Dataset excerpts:
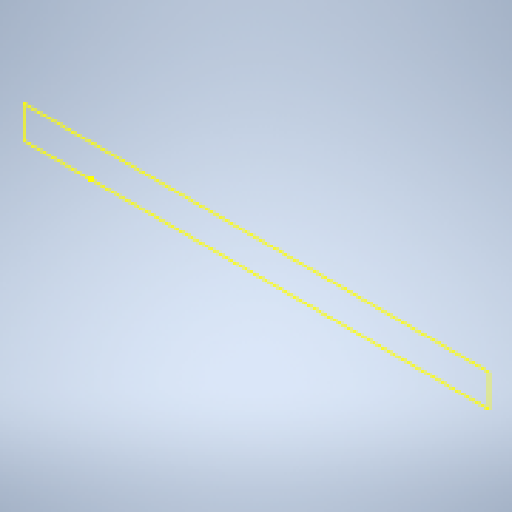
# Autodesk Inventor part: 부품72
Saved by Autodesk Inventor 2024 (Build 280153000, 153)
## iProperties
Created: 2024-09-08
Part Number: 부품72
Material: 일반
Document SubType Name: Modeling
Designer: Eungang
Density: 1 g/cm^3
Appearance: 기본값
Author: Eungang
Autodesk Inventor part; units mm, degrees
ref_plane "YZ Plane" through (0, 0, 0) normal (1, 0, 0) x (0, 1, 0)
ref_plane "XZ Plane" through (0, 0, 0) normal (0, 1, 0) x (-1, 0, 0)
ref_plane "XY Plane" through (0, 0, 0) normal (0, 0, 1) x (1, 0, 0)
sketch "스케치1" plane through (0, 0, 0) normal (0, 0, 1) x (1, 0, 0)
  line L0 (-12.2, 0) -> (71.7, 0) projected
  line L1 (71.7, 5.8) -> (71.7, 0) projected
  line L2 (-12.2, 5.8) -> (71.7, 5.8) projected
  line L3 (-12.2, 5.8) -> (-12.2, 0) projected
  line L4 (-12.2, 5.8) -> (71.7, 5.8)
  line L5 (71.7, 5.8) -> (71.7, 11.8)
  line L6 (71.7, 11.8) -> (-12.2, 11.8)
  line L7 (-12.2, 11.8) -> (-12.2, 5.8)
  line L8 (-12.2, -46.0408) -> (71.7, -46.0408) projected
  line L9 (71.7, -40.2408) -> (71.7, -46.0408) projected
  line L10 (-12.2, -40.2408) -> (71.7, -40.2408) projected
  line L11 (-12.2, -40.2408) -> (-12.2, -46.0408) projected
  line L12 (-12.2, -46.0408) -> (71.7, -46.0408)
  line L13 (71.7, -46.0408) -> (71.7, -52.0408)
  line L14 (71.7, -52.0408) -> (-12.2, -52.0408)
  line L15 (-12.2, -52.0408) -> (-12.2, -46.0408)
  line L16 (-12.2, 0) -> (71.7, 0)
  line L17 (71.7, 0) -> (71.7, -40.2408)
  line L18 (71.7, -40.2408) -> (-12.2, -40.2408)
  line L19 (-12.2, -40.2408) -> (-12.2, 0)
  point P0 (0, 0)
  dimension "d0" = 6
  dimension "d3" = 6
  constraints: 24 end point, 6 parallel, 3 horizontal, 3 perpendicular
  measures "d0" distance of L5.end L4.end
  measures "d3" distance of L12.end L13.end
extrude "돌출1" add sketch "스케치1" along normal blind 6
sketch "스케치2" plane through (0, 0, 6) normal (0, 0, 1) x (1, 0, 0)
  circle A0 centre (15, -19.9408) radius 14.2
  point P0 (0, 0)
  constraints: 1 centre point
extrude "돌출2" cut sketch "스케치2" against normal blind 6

Required action: If a line of the data above contains "sketch", copy it out.

Expected answer:
sketch "스케치1" plane through (0, 0, 0) normal (0, 0, 1) x (1, 0, 0)
extrude "돌출1" add sketch "스케치1" along normal blind 6
sketch "스케치2" plane through (0, 0, 6) normal (0, 0, 1) x (1, 0, 0)
extrude "돌출2" cut sketch "스케치2" against normal blind 6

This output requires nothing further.